Stored entries:
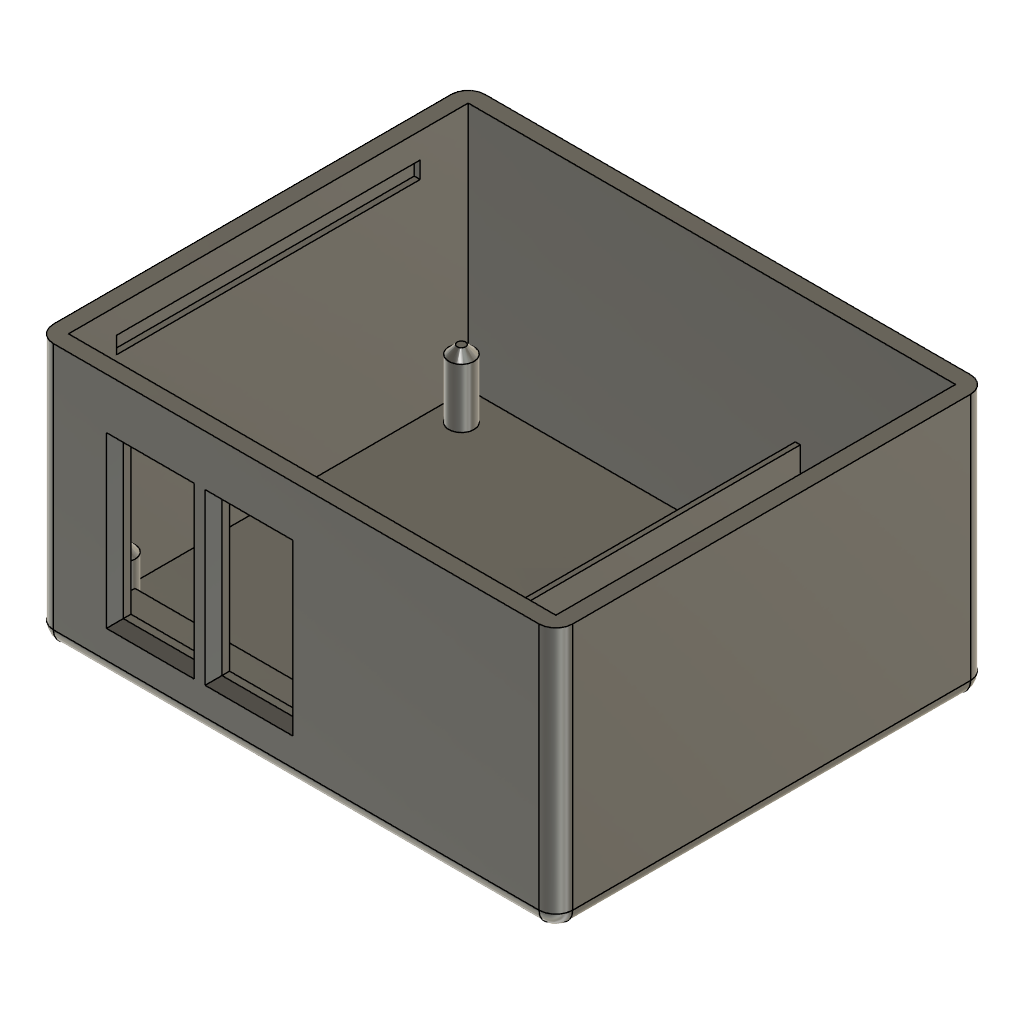
TURTLE_Case_BaseV3 (Autodesk Fusion 360 design; units mm, degrees)
Autodesk Fusion 360 part; units mm, degrees
(part 1 of 2)
sketch "Sketch1" plane through (0, 0, 0) normal (0, 0, 1) x (1, 0, 0)
  line L0 (19.1, 22.9) -> (-19.1, 22.9) construction
  line L1 (-19.1, 22.9) -> (-19.1, -22.9) construction
  line L2 (19.1, -22.9) -> (19.1, 22.9) construction
  line L3 (19.1, 22.9) -> (-19.1, -22.9) construction
  line L4 (-19.1, 22.9) -> (19.1, -22.9) construction
  line L5 (18.1, -21.701047) -> (18.1, -21.7) construction
  circle A0 centre (16.3, -20.1) radius 1.8 construction
  circle A1 centre (-16.3, -20.1) radius 1.8 construction
  line L6 (-7.845315, -9.406164) -> (-6.5, -9.406164) construction
  line L7 (-19.1, -22.9) -> (19.1, -22.9) construction
  line L8 (7.3, -22.9) -> (0.3, -22.9) construction
  line L9 (0.3, -22.9) -> (0.3, -10.480854) construction
  line L10 (0.3, -10.480854) -> (7.3, -10.480854) construction
  line L11 (7.3, -10.480854) -> (7.3, -22.9) construction
  line L12 (-11.4, -22.9) -> (-4.4, -22.9) construction
  line L13 (-4.4, -22.9) -> (-4.4, -10.450796) construction
  line L14 (-4.4, -10.450796) -> (-11.4, -10.450796) construction
  line L15 (-11.4, -10.450796) -> (-11.4, -22.9) construction
  line L16 (20.1, 22.9) -> (20.1, 23.7) construction
  line L17 (25.2, 25.2) -> (32.7, 25.2) construction
  line L18 (32.7, 25.2) -> (25.2, 25.2) construction
  line L19 (25.2, 25.2) -> (25.2, 16) construction
  line L20 (25.2, 16) -> (32.7, 16) construction
  line L21 (32.7, 16) -> (32.7, 25.2) construction
  line L22 (32.7, 25.2) -> (32.7, 23.7) construction
  line L23 (32.7, 23.7) -> (37.9, 23.7) construction
  line L24 (37.9, 23.7) -> (20.1, 23.7) construction
  line L25 (20.1, 23.7) -> (20.1, -19.5) construction
  line L26 (37.9, -19.5) -> (37.9, 23.7) construction
  line L27 (37.9, 23.7) -> (-19.1, 23.7) construction
  line L28 (-19.1, 23.7) -> (-19.1, -22.9) construction
  line L29 (-19.1, -22.9) -> (37.9, -22.9) construction
  line L30 (37.9, -22.9) -> (37.9, 23.7) construction
  line L31 (38.3, 24.1) -> (-19.5, 24.1) construction
  line L32 (-19.5, 24.1) -> (-19.5, -23.3) construction
  line L33 (-19.5, -23.3) -> (38.3, -23.3) construction
  line L34 (38.3, -23.3) -> (38.3, 24.1) construction
  line L35 (-19.5, 24.1) -> (38.3, 24.1)
  line L36 (38.3, 24.1) -> (38.3, -23.3)
  line L37 (38.3, -23.3) -> (-19.5, -23.3)
  line L38 (-19.5, -23.3) -> (-19.5, 24.1)
  line L39 (19.1, 22.9) -> (19.3, 22.9) construction
  line L40 (20.1, 22.9) -> (19.9, 22.9) construction
  line L41 (19.9, 23.699999) -> (19.9, -23.3)
  line L42 (19.9, -23.3) -> (19.3, -23.3)
  line L43 (19.3, -23.3) -> (19.3, 23.699999)
  line L44 (19.3, 23.699999) -> (19.3, 24.1)
  line L45 (19.9, 23.699999) -> (19.9, 24.1)
  circle A2 centre (-16.3, -20.1) radius 1.5
  circle A3 centre (16.3, -20.1) radius 1.5
  line L46 (25.2, 25.2) -> (25.2, 16) construction
  line L47 (16.764629, 20.1) -> (16.797966, 20.1) construction
  circle A4 centre (16.653553, 20.453553) radius 1.5
  circle A5 centre (-16.512132, 20.312132) radius 1.5
  arc A6 (-17.572792, 21.372792) -> (-17.704058, 21.226331) centre (-16.3, 20.1) ccw construction
  line L48 (38.3, -19.9) -> (38.3, -19.4) construction
  line L49 (-14.93946, -20.1) -> (-14.93946, -20.6)
  line L50 (-14.93946, -20.1) -> (14.949771, -20.1)
  line L51 (14.949771, -20.1) -> (14.949771, -23.3)
  line L52 (14.949771, -23.3) -> (-14.93946, -23.3)
  line L53 (-14.93946, -23.3) -> (-14.93946, -20.1)
  line L54 (-14.93946, -20.6) -> (-14.570838, -20.6)
  line L55 (14.949771, -20.6) -> (14.950326, -20.6)
  line L56 (40.2, -25.2) -> (-21.4, -25.2)
  line L57 (-21.4, -25.2) -> (-21.4, 26)
  line L58 (-21.4, 26) -> (40.2, 26)
  line L59 (40.2, 26) -> (40.2, -25.2)
  line L60 (41.2, -26.2) -> (-22.4, -26.2)
  line L61 (-22.4, -26.2) -> (-22.4, 27)
  line L62 (-22.4, 27) -> (41.2, 27)
  line L63 (41.2, 27) -> (41.2, -26.2)
  line L64 (32.7, 24.072882) -> (25.2, 24.072882)
  line L65 (25.2, 24.072882) -> (25.2, 18.072882)
  line L66 (25.2, 18.072882) -> (32.7, 18.072882)
  line L67 (32.7, 18.072882) -> (32.7, 24.072882)
  line L68 (38.3, -19.65) -> (19.9, -19.65)
  line L69 (20.1, -19.498913) -> (19.9, -19.5)
  dimension "d1" = 38.2
  dimension "d2" = 45.8
  dimension "d5" = 3.6
  dimension "d7" = 2.8
  dimension "d13" = 7
  dimension "d14" = 11.8
  dimension "d15" = 7
  dimension "d16" = 7.7
  dimension "d17" = 1
  dimension "d23" = 7.5
  dimension "d24" = 9.2
  dimension "d25" = 1.5
  dimension "d26" = 5.2
  dimension "d27" = 17.8
  dimension "d28" = 43.2
  dimension "d31" = 0.4
  dimension "d36" = 0.2
  dimension "d37" = 0.2
  dimension "d54" = 3
  dimension "d57" = 3
  dimension "d67" = 3
  dimension "d69" = 0.3
  dimension "d70" = 3
  dimension "d89" = 0.5
  dimension "d237" = -1
  dimension "d283" = 6
  constraint horizontal L0
  constraint perpendicular L0 L1
  constraint parallel L1 L2
  constraint coincident L3 origin
  constraint coincident L4 origin
  constraint horizontal L6
  constraint perpendicular L2 L7
  constraint horizontal L8
  constraint vertical L9
  constraint horizontal L10
  constraint vertical L11
  constraint coincident L7 L8.start
  constraint horizontal L12
  constraint vertical L13
  constraint horizontal L14
  constraint vertical L15
  constraint coincident L7 L12.start
  constraint perpendicular L16 L17
  constraint horizontal L18
  constraint vertical L19
  constraint horizontal L20
  constraint vertical L21
  constraint perpendicular L17 L22
  constraint perpendicular L22 L23
  constraint horizontal L24
  constraint vertical L25
  constraint vertical L26
  constraint horizontal L27
  constraint vertical L28
  constraint horizontal L29
  constraint vertical L30
  constraint horizontal L35
  constraint vertical L36
  constraint horizontal L37
  constraint vertical L38
  constraint perpendicular L2 L39
  constraint perpendicular L16 L40
  constraint vertical L41
  constraint horizontal L42
  constraint vertical L43
  constraint coincident L37 L41.end
  constraint coincident L35 L44.end
  constraint perpendicular L35 L44
  constraint coincident L31 L45.end
  constraint perpendicular L31 L45
  constraint concentric A0 A3
  constraint perpendicular L24 L46
  constraint coincident L34 L48.start
  constraint horizontal L47
  constraint coincident L41 L69.end
  constraint perpendicular L49 L54
  constraint horizontal L50
  constraint vertical L51
  constraint horizontal L52
  constraint vertical L53
  constraint collinear L54 L55
  constraint horizontal L64
  constraint vertical L65
  constraint horizontal L66
  constraint vertical L67
  constraint midpoint L48 L68.start
  constraint coincident L41 L68.end
  constraint perpendicular L41 L68
  measures "d1" distance of L1.end L2.start
  measures "d2" distance of L0.end L1.end
  measures "d5" diameter of A0
  measures "d7" distance of L2 A0.centre
  measures "d13" distance of L8.start L8.end
  measures "d14" distance of L2 L11
  measures "d15" distance of L12.start L12.end
  measures "d16" distance of L1 L15
  measures "d17" distance of L0.start L16.start
  measures "d23" distance of L17.end L17.start
  measures "d24" distance of L17.end L20.end
  measures "d25" distance of L17.end L22.end
  measures "d26" distance of L22.end L23.end
  measures "d27" distance of L23.end L16.end
  measures "d28" distance of L23.end L26.start
  measures "d36" distance of L0.start L39.end
  measures "d37" distance of L16.start L40.end
  measures "d54" diameter of A2
  measures "d57" diameter of A3
  measures "d67" diameter of A4
  measures "d70" diameter of A5
  measures "d89" distance of L48.start L48.end
extrude "Extrude1" add sketch "Sketch1" along normal blind 2 contours L35 L37 L38 L43 L44 A2 A3 L50 L51 L53 | L35 L37 L41 L42 L43 L44 L45 | L35 L36 L41 L45 L68 | L64 L65 L66 L67 picked at (5.168729, 6.497646) picked at (19.5, -6.366667) picked at (30.3, -7.025706) picked at (30.2, 20.072882) makes body 1
extrude "Extrude2" add sketch "Sketch1" along normal blind 10.2 contours L36 L37 L41 L68 | L56 L57 L58 L59 picked at (32.166667, -22.083333) picked at (11.249924, -24.566667) bodies 1
extrude "Extrude16" add sketch "Sketch1" along normal blind 6 contours L37 A2 A3 L50 L51 L52 L53 picked at (4.93994, -22.289549) bodies 1
extrude "Extrude3" add sketch "Sketch1" along normal blind 10 contours A2 L53 L54 | A2 L49 L50 L53 | A3 L50 L51 | A3 L50 L51 | A2 L49 L50 L53 L54 | A4 | A5 picked at (-14.909178, -20.61481) picked at (-16.841416, -20.032888) picked at (16.844339, -20.025479) picked at (14.853094, -20.156215) picked at (-14.905751, -20.378979) picked at (17.036708, 19.891568) picked at (-16.878658, 19.67729) bodies 1
extrude "Extrude12" add sketch "Sketch1" along normal blind 16 contours L35 L37 L41 L42 L43 L44 L45 picked at (19.5, -6.366667) bodies 1
extrude "Extrude32" add sketch "Sketch1" along normal blind 6 contours L64 L65 L66 L67 picked at (30.2, 20.072882) bodies 1
ref_plane "WorkPlane1" through (9.4, 0.4, 10.2) normal (0, 0, 1) x (1, 0, 0)
sketch "Sketch3" plane through (0, 0, 10.2) normal (0, 0, 1) x (1, 0, 0)
  line L0 (25.2, 25.2) -> (25.2, 16)
  line L1 (32.7, 25.2) -> (25.2, 25.2)
  line L2 (32.7, 16) -> (32.7, 25.2)
  line L3 (25.2, 16) -> (32.7, 16)
  line L4 (25.199999, 24.099999) -> (24.899999, 24.099999) construction
  line L5 (32.699999, 24.099999) -> (32.999999, 24.099999) construction
  line L6 (24.899999, 24.099999) -> (32.999999, 24.099999)
  line L7 (32.999999, 24.099999) -> (32.999999, 25.999999)
  line L8 (24.899999, 25.999999) -> (24.899999, 24.099999)
  line L9 (0.3, -22.9) -> (0.3, -10.480854)
  line L10 (0.3, -10.480854) -> (7.3, -10.480854)
  line L11 (7.3, -10.480854) -> (7.3, -22.9)
  line L12 (-19.1, -22.9) -> (37.9, -22.9)
  line L13 (-4.4, -22.9) -> (-4.4, -10.450796)
  line L14 (-4.4, -10.450796) -> (-11.4, -10.450796)
  line L15 (-11.4, -10.450796) -> (-11.4, -22.9)
  line L16 (7.3, -22.9) -> (8, -22.9) construction
  line L17 (0.3, -22.9) -> (-0.4, -22.9) construction
  line L18 (-4.4, -22.9) -> (-3.7, -22.9) construction
  line L19 (8, -23.3) -> (8, -22.9)
  line L20 (-12.1, -22.9) -> (-12.1, -25.199999)
  line L21 (-3.7, -25.199999) -> (-3.7, -23.3)
  line L22 (-19.5, -23.3) -> (-19.5, 24.1)
  line L23 (-19.5, 24.1) -> (38.3, 24.1)
  line L24 (19.9, 23.699999) -> (19.9, -23.3)
  line L25 (19.3, -23.3) -> (19.3, 23.699999)
  line L26 (19.9, 23.699999) -> (19.9, 24.1)
  line L27 (19.3, 23.699999) -> (19.3, 24.1)
  line L28 (38.3, -23.3) -> (38.3, 24.1)
  line L29 (-19.5, -23.3) -> (38.3, -23.3)
  line L30 (19.9, -22.9) -> (38.3, -22.9)
  line L31 (38.3, -22.9) -> (38.3, -19.9)
  line L32 (19.9, -19.9) -> (19.9, -22.9)
  line L33 (38.3, 24.1) -> (38.3, -19.65)
  line L34 (19.9, -23.3) -> (19.3, -23.3)
  line L35 (24.899999, 24.099999) -> (33, 24.099999)
  line L36 (33, 24.099999) -> (33, 27)
  line L37 (33, 27) -> (24.899999, 27)
  line L38 (24.899999, 27) -> (24.899999, 24.099999)
  line L39 (-11.4, -22.9) -> (-3.691525, -22.9)
  line L40 (-3.691525, -26.2) -> (-12.1, -26.2)
  line L41 (-0.4, -22.9) -> (8.002335, -22.9)
  line L42 (8.002335, -23.3) -> (8.002335, -26.2)
  line L43 (8.002335, -26.2) -> (-0.4, -26.2)
  line L44 (-0.4, -26.2) -> (-0.4, -22.9)
  line L45 (-3.691525, -22.9) -> (-3.691525, -23.3)
  line L46 (-3.691525, -25.2) -> (-3.691525, -26.2)
  line L47 (-12.1, -26.2) -> (-12.1, -25.199999)
  line L48 (-3.7, -22.9) -> (-4.4, -22.9)
  line L49 (-11.4, -22.9) -> (-12.1, -22.9)
  line L50 (8, -22.9) -> (7.3, -22.9)
  line L51 (0.3, -22.9) -> (-0.4, -22.9)
  line L52 (-3.691525, -22.9) -> (-12.1, -22.9)
  line L53 (-12.1, -22.9) -> (-12.1, -26.2)
  line L54 (-12.1, -26.2) -> (-3.691525, -26.2)
  line L55 (-3.691525, -26.2) -> (-3.691525, -22.9)
  line L56 (19.3, -23.3) -> (-19.5, -23.3)
  line L57 (-19.5, -23.3) -> (-19.5, 24.1)
  line L58 (-19.5, 24.1) -> (19.3, 24.1)
  line L59 (19.3, 24.1) -> (19.9, 24.1)
  line L60 (40.2, 26) -> (-21.4, 26)
  line L61 (-21.4, 26) -> (-21.4, -25.2)
  line L62 (-21.4, -25.2) -> (40.2, -25.2)
  line L63 (40.2, -25.2) -> (40.2, 26)
  line L64 (38.3, -19.65) -> (19.9, -19.65)
  line L65 (19.9, -19.65) -> (19.9, -23.3)
  line L66 (19.9, 24.1) -> (38.3, 24.1)
  dimension "d59" = 0.3
  dimension "d60" = 0.3
  dimension "d71" = 0.7
  dimension "d72" = 0.7
  dimension "d73" = 0.7
  constraint perpendicular L0 L4
  constraint perpendicular L2 L5
  constraint perpendicular L6 L7
  constraint parallel L7 L8
  constraint perpendicular L2 L6
  constraint coincident L11.end L16.start
  constraint perpendicular L11 L16
  constraint coincident L9.start L17.start
  constraint perpendicular L9 L17
  constraint coincident L13.start L18.start
  constraint perpendicular L13 L18
  constraint horizontal L50
  constraint vertical L19
  constraint horizontal L48
  constraint vertical L20
  constraint vertical L21
  constraint horizontal L30
  constraint vertical L31
  constraint vertical L32
  constraint coincident L24 L30.start
  constraint coincident L12 L30.start
  constraint horizontal L35
  constraint vertical L36
  constraint horizontal L37
  constraint vertical L38
  constraint horizontal L39
  constraint vertical L45
  constraint horizontal L40
  constraint vertical L47
  constraint horizontal L41
  constraint vertical L42
  constraint horizontal L43
  constraint vertical L44
  constraint coincident L29 L21.end
  constraint collinear L45 L46
  constraint collinear L48 L49
  constraint collinear L50 L51
  constraint coincident L29 L19.start
  constraint horizontal L52
  constraint vertical L53
  constraint horizontal L54
  constraint vertical L55
  measures "d71" distance of L11.end L16.end
  measures "d72" distance of L9.start L17.end
  measures "d73" distance of L13.start L18.end
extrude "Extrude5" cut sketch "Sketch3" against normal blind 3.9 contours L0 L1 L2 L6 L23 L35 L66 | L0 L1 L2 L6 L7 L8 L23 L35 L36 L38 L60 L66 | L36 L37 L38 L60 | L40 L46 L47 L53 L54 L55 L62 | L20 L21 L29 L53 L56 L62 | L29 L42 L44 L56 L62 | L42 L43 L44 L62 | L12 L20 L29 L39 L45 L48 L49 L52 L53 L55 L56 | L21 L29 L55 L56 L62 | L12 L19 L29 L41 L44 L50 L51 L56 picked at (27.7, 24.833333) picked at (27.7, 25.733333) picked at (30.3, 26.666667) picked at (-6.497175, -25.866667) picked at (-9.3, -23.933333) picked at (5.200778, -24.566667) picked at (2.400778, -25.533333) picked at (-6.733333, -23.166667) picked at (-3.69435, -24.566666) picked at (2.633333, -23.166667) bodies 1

* _Exercise_:
Would you retype the lines above from the one with "constraint vertical L13" down to the one with "of L0.start L16.start", word for word, both ends included and no other lines?

* _Task solution_:
  constraint vertical L13
  constraint horizontal L14
  constraint vertical L15
  constraint coincident L7 L12.start
  constraint perpendicular L16 L17
  constraint horizontal L18
  constraint vertical L19
  constraint horizontal L20
  constraint vertical L21
  constraint perpendicular L17 L22
  constraint perpendicular L22 L23
  constraint horizontal L24
  constraint vertical L25
  constraint vertical L26
  constraint horizontal L27
  constraint vertical L28
  constraint horizontal L29
  constraint vertical L30
  constraint horizontal L35
  constraint vertical L36
  constraint horizontal L37
  constraint vertical L38
  constraint perpendicular L2 L39
  constraint perpendicular L16 L40
  constraint vertical L41
  constraint horizontal L42
  constraint vertical L43
  constraint coincident L37 L41.end
  constraint coincident L35 L44.end
  constraint perpendicular L35 L44
  constraint coincident L31 L45.end
  constraint perpendicular L31 L45
  constraint concentric A0 A3
  constraint perpendicular L24 L46
  constraint coincident L34 L48.start
  constraint horizontal L47
  constraint coincident L41 L69.end
  constraint perpendicular L49 L54
  constraint horizontal L50
  constraint vertical L51
  constraint horizontal L52
  constraint vertical L53
  constraint collinear L54 L55
  constraint horizontal L64
  constraint vertical L65
  constraint horizontal L66
  constraint vertical L67
  constraint midpoint L48 L68.start
  constraint coincident L41 L68.end
  constraint perpendicular L41 L68
  measures "d1" distance of L1.end L2.start
  measures "d2" distance of L0.end L1.end
  measures "d5" diameter of A0
  measures "d7" distance of L2 A0.centre
  measures "d13" distance of L8.start L8.end
  measures "d14" distance of L2 L11
  measures "d15" distance of L12.start L12.end
  measures "d16" distance of L1 L15
  measures "d17" distance of L0.start L16.start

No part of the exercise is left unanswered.